Fed. R. Civ. P. 26(b)(1). Rule 37 of the Federal Rules of Civil Procedure authorizes a party to move to compel a party to comply with discovery obligations, and specifically provides that: On notice to other parties and all affected persons, a party may move for an order compelling disclosure or discovery. The motion must include a certification that the movant has in good faith conferred or attempted to confer with the person or party failing to make disclosure or discovery in an effort to obtain it without court action.

Fed. R. Civ. P. 37(a)(1). Under Rule 37, a court may issue an order compelling discovery where “a deponent fails to answer a question asked under Rule 30 or 31 [governing depositions on oral examination or written questions].” Fed. R. Civ. P. 37(a)(3)(B)(i). A party moving to compel discovery bears the initial burden of proving the relevance of the requested information. Morrison v. Phila. Housing Auth., 203 F.R.D. 195, 196 (E.D. Pa. 2001). “Once that initial burden is met, ‘the party resisting the discovery has the burden to establish the lack of relevance by demonstrating that the requested discovery (1) does not come within the broad scope of relevance as defined under Fed. R. Civ. P. 26(b)(1), or (2) is of such marginal relevance that the potential harm occasioned by discovery would outweigh the ordinary presumption in favor of broad disclosure.’” Prime Energy & Chem., LLC v. Tucker Arensberg, P.C., No. 2:18-CV-0345, 2022 WL 1642394, at *4 (W.D. Pa. May 24, 2022) (quoting In re Urethane Antitrust Litig., 261 F.R.D. 570, 573 (D. Kan. 2009)).

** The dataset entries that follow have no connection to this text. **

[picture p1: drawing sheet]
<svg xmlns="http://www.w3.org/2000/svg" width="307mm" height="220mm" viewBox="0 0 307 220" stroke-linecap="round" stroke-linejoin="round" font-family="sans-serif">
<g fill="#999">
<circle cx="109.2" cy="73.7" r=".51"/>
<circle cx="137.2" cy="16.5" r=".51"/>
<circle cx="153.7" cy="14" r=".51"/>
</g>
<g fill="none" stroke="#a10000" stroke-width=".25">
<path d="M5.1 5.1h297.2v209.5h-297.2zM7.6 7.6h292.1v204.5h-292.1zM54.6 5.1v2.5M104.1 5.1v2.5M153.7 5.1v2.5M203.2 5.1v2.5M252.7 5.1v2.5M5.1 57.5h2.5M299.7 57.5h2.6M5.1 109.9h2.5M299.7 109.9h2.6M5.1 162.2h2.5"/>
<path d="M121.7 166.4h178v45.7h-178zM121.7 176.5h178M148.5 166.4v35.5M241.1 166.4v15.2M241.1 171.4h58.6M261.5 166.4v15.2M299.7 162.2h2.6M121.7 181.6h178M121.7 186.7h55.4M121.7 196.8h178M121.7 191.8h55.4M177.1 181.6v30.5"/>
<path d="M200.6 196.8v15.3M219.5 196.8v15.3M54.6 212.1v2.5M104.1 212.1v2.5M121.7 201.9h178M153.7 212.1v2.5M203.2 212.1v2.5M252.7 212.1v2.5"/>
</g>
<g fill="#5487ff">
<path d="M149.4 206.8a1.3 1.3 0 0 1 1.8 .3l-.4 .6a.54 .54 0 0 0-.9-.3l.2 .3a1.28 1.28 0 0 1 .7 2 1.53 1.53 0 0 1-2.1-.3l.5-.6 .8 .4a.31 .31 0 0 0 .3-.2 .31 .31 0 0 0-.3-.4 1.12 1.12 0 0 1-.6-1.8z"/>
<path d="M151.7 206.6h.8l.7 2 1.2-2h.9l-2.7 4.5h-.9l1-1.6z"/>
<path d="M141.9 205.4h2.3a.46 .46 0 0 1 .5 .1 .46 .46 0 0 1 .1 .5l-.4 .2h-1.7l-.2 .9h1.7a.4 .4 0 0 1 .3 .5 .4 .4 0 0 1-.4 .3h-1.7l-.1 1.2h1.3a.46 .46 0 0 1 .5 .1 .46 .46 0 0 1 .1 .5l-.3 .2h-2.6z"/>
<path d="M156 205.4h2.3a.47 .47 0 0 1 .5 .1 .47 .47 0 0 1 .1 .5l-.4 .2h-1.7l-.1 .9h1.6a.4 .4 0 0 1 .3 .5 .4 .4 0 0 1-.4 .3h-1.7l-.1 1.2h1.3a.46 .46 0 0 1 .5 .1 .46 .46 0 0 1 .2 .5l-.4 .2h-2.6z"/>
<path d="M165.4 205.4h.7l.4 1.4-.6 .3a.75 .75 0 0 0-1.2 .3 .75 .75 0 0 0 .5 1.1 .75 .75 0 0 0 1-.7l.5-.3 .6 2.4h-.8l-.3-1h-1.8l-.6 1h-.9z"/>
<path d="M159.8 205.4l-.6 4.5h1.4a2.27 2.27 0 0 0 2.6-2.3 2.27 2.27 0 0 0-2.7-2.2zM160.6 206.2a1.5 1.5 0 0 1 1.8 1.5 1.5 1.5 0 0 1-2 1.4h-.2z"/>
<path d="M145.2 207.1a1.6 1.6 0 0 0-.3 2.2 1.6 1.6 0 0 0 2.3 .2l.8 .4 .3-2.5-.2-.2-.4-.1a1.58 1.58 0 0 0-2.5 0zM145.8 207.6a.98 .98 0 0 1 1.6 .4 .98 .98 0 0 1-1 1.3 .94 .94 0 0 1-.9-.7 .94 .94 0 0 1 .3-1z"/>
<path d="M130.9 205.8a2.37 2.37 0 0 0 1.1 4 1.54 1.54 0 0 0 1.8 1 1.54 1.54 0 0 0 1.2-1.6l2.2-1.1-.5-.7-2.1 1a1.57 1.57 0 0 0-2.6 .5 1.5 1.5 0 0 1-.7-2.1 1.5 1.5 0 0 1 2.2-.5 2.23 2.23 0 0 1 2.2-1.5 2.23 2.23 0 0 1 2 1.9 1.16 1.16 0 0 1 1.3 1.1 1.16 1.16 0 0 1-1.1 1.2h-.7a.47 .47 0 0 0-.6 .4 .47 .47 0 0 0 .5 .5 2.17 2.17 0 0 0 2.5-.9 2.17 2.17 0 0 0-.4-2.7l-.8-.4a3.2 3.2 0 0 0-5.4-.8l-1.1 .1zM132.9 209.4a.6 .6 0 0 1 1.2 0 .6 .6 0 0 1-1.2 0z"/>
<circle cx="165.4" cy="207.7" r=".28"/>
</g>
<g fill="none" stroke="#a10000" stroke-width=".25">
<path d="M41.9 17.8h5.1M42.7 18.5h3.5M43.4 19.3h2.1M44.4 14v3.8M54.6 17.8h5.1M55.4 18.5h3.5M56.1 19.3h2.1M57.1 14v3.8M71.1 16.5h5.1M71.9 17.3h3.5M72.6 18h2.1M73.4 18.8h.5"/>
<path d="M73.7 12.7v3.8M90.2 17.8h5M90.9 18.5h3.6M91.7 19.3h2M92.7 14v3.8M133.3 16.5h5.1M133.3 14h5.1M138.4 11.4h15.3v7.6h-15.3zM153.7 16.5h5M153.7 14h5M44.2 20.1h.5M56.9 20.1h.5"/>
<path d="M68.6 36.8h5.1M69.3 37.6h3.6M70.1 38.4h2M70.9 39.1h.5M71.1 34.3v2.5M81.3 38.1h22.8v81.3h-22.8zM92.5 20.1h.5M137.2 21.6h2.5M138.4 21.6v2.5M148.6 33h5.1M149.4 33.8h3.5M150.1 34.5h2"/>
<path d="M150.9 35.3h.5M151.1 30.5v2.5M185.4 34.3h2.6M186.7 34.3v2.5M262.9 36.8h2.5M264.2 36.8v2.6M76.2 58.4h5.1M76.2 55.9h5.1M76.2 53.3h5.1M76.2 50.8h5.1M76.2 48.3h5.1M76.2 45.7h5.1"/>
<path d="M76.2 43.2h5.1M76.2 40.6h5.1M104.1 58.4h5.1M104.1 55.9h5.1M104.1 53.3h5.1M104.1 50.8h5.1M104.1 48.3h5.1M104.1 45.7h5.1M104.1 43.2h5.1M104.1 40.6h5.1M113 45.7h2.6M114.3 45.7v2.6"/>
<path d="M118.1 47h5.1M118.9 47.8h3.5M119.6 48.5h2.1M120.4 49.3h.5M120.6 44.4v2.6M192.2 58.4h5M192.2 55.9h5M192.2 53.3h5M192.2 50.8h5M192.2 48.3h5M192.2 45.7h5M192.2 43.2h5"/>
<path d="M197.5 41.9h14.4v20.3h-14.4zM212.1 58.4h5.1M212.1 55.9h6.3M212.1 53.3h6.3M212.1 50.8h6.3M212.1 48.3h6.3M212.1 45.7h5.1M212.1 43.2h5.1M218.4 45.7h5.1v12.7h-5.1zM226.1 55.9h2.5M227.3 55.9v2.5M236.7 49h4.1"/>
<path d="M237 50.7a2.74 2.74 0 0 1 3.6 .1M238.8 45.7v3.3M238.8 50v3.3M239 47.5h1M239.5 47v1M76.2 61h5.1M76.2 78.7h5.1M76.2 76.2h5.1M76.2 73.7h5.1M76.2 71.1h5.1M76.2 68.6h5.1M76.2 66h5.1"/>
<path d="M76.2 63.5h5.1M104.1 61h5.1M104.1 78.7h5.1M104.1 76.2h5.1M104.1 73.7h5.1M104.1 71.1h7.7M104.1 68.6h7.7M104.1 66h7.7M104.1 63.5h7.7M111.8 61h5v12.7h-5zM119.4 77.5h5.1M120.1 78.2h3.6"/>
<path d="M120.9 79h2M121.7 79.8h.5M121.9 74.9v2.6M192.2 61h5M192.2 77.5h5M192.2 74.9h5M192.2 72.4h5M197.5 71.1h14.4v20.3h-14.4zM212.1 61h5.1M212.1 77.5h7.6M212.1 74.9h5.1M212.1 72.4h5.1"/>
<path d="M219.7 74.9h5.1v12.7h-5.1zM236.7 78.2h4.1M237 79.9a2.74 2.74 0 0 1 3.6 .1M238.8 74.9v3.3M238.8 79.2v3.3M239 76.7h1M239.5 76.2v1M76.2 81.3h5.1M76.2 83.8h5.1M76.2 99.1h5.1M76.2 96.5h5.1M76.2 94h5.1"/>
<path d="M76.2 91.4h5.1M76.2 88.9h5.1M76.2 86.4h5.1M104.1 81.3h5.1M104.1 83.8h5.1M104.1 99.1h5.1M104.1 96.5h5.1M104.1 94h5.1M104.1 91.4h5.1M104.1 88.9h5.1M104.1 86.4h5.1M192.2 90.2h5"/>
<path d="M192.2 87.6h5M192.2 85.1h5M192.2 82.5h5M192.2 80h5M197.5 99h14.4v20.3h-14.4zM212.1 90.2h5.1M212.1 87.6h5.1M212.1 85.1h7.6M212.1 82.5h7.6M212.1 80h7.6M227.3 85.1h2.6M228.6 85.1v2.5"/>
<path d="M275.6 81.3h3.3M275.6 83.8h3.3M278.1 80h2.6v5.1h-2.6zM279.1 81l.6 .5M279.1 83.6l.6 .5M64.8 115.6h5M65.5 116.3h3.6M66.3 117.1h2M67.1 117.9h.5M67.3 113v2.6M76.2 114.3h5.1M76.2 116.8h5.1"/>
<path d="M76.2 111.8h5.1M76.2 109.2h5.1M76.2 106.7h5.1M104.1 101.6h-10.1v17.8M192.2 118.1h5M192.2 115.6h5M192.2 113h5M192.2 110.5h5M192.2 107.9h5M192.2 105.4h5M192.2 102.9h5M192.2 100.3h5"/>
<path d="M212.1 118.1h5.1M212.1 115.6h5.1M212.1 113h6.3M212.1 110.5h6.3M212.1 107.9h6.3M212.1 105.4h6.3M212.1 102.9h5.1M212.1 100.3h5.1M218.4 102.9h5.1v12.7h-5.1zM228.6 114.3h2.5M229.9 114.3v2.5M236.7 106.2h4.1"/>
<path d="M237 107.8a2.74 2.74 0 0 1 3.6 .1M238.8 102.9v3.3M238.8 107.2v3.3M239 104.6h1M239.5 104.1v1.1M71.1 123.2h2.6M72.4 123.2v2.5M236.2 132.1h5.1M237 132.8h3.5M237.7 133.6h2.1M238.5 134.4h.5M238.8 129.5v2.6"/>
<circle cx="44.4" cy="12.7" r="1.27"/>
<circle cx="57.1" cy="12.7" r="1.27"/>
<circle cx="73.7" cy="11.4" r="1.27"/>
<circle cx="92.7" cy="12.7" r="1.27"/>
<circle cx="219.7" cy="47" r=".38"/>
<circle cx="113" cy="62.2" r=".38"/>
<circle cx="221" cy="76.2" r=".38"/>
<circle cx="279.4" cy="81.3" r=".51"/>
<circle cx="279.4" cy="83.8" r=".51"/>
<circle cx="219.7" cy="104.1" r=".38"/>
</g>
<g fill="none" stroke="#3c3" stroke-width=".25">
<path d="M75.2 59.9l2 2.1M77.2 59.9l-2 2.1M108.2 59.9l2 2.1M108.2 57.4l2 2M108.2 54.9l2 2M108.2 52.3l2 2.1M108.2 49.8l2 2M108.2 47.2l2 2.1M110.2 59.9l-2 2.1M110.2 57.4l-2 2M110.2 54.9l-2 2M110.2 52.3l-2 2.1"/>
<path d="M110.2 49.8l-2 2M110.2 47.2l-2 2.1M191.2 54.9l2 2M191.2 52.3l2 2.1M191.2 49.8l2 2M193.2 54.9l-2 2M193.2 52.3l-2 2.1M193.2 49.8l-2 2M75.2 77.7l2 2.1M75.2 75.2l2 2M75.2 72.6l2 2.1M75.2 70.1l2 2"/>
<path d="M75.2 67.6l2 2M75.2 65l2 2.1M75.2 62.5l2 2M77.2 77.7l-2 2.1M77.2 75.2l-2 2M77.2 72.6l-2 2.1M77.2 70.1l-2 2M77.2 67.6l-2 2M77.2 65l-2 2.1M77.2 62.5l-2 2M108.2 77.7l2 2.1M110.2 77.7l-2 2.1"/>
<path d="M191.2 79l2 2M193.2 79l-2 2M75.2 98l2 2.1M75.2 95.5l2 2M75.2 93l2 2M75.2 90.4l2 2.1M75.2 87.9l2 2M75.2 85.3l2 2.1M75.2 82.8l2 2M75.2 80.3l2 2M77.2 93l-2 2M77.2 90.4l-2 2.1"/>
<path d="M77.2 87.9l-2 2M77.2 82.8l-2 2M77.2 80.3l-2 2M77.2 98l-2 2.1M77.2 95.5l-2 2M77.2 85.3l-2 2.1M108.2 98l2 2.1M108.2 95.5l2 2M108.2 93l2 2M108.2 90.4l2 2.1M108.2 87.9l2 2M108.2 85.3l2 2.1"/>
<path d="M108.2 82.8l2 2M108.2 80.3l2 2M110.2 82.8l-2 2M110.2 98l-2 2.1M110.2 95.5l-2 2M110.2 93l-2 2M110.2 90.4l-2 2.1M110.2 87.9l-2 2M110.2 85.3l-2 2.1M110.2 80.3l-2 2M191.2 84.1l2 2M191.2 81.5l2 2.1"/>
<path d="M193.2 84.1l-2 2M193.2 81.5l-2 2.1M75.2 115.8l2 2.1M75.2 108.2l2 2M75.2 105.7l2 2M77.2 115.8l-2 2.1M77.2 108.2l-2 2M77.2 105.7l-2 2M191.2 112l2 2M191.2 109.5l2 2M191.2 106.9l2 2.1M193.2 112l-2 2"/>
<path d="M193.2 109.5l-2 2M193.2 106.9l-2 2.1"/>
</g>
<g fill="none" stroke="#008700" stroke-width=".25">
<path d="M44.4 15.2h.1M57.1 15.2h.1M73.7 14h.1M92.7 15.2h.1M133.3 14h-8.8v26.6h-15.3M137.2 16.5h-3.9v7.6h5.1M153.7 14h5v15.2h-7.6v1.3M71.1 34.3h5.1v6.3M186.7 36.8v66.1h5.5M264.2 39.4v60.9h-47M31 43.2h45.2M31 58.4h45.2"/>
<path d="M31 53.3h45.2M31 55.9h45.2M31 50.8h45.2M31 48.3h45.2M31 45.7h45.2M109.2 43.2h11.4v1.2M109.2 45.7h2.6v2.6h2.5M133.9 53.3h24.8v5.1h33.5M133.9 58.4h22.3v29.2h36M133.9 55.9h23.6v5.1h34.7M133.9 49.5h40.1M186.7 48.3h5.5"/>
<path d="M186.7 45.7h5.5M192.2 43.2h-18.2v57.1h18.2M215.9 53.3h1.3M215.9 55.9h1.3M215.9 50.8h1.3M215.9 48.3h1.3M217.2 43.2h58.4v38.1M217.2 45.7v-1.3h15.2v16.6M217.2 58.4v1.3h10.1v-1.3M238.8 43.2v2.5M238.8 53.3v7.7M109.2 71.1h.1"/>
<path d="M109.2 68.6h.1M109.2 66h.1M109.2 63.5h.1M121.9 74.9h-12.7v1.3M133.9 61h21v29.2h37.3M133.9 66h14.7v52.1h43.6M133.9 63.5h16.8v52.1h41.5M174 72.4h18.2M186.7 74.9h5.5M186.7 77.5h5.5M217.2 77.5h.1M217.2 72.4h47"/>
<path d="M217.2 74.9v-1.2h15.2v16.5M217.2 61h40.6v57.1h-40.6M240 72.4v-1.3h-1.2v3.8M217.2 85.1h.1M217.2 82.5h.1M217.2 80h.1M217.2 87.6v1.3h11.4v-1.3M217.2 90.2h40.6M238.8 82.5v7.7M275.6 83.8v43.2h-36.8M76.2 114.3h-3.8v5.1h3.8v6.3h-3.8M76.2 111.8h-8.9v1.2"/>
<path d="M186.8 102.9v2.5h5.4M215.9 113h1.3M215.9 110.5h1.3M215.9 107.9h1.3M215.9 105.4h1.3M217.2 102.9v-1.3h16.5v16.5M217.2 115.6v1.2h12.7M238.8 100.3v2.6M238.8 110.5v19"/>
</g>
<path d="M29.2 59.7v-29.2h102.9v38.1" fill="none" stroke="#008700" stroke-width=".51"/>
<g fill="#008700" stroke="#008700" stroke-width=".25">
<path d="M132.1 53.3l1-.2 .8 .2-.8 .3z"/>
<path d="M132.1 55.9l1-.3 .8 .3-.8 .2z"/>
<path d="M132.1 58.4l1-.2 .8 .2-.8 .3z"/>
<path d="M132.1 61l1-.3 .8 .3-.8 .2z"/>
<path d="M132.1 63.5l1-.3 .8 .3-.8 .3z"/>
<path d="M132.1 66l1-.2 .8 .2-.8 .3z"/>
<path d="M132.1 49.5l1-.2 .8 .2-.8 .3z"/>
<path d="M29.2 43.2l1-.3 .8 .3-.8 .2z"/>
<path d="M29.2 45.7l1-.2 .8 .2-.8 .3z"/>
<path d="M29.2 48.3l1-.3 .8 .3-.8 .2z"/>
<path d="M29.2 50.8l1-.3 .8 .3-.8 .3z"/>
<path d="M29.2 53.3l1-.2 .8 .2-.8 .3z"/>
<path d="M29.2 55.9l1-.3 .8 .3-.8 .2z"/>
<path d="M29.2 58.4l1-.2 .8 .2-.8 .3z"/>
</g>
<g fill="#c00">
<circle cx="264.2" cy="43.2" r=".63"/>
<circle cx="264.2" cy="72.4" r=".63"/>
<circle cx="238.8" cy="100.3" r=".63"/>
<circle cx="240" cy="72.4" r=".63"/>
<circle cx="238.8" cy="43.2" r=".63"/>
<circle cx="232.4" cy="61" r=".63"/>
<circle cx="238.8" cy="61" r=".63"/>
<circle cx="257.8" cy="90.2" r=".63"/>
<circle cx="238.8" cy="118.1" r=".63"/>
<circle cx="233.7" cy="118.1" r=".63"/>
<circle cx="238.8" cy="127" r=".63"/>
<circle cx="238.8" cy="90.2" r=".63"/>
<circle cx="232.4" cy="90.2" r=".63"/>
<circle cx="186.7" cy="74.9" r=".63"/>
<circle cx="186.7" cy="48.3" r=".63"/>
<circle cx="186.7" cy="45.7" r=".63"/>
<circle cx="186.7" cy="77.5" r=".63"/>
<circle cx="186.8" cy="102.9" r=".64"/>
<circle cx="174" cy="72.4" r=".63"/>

II. DISCUSSION A. MOTION TO COMPEL In the instant motion, Stevens contends that Defendants improperly instructed

Attorney Riccardo not to answer relevant factual questions and seeks “an adverse inference from the Court, on summary judgment and/or at trial, to the extent that he was unable as a result of improper instruction to obtain the evidence required to meet its burden.”1 (Doc. 71,

1 Citing Ideal Aerosmith, Inc. v. Acutronic USA, Inc., No. 07-CV-1029, 2008 WL 4822537, at *3 (W.D. Pa. Nov. 4, 2008), Stevens argues that “[i]mproper and baseless instructions not to answer are subject to adverse inference from the Court, on summary judgment and/or at trial.” (Doc. 71, at 5). In Aerosmith, the court allowed the plaintiff to retake certain depositions where the counsel for the defendants improperly directed the witness not to answer, and permitted the plaintiff to “seek an adverse inference from the Court, on summary judgment and/or at trial, to the extent that it was unable as a result of improper instruction to obtain the evidence required to meet its burden.” 2008 WL 4822537, at *3.